*** Opening of MATERIAL SHOWN ***

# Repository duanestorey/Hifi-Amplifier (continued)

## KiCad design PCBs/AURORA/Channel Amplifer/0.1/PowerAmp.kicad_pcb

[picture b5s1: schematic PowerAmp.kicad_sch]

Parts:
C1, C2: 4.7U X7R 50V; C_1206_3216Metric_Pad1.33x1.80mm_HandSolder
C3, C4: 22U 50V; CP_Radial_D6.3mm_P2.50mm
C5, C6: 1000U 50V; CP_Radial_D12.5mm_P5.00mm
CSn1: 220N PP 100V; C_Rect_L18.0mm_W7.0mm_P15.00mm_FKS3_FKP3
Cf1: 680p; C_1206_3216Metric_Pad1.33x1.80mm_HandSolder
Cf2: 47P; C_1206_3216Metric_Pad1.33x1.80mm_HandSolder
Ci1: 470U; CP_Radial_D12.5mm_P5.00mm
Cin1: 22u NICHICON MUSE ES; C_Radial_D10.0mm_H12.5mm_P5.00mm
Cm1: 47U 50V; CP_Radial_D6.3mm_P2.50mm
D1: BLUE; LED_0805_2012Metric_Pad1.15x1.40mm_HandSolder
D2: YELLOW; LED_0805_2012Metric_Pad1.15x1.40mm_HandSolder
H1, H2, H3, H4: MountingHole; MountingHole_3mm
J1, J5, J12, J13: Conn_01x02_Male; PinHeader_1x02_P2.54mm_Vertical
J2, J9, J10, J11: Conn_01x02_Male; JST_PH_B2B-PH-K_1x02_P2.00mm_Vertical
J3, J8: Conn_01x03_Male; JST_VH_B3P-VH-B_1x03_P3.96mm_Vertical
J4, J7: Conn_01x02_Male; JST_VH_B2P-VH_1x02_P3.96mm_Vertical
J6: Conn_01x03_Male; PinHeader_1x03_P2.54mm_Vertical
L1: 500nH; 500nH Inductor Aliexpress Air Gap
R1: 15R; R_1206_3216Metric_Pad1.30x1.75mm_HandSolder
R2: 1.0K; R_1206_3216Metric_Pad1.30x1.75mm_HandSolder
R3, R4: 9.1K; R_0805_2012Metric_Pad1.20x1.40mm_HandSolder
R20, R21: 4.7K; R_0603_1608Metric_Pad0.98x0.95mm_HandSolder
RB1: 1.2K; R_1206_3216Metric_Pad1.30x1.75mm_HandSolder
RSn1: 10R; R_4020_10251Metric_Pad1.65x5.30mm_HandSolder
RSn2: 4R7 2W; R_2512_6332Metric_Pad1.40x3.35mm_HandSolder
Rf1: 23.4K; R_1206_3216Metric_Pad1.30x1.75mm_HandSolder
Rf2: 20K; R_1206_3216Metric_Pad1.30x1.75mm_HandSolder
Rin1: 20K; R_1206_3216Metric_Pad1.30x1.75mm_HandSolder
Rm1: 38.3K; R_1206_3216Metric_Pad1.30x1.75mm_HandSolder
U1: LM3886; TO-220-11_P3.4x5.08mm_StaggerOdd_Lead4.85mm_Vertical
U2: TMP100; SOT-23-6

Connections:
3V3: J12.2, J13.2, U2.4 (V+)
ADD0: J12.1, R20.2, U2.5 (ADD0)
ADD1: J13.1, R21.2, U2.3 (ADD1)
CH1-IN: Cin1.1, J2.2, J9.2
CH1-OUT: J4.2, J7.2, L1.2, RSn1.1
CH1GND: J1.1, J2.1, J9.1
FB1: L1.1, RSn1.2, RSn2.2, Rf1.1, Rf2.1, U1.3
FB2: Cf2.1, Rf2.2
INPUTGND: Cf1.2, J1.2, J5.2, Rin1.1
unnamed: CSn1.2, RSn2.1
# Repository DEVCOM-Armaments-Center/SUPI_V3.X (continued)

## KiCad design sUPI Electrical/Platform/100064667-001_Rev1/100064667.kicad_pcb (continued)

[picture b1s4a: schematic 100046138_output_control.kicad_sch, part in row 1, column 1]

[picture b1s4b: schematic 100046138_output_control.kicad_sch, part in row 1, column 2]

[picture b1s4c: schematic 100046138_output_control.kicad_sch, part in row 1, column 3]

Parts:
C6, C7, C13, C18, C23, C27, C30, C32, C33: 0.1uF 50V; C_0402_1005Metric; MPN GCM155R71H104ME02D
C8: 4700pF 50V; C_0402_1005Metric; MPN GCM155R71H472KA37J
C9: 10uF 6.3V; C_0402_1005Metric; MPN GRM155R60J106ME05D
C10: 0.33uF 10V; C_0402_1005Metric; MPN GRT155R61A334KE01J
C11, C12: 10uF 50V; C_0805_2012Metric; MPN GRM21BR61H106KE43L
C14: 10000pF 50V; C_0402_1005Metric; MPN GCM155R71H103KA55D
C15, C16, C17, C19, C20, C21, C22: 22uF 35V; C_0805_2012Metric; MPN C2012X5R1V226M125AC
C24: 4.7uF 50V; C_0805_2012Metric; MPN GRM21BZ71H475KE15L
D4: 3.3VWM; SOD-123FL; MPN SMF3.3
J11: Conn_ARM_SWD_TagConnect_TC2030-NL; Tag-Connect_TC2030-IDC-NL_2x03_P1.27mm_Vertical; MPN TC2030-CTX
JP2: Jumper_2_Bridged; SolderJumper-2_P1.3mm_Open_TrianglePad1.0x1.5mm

*** Close of MATERIAL SHOWN ***

Your task is to retype the entries verbatim, starting with the line that holds "## KiCad design PCBs/AURORA/Channel" and stopping after the line that holds "[picture b5s1: schematic PowerAmp.kicad_sch]".

## KiCad design PCBs/AURORA/Channel Amplifer/0.1/PowerAmp.kicad_pcb

[picture b5s1: schematic PowerAmp.kicad_sch]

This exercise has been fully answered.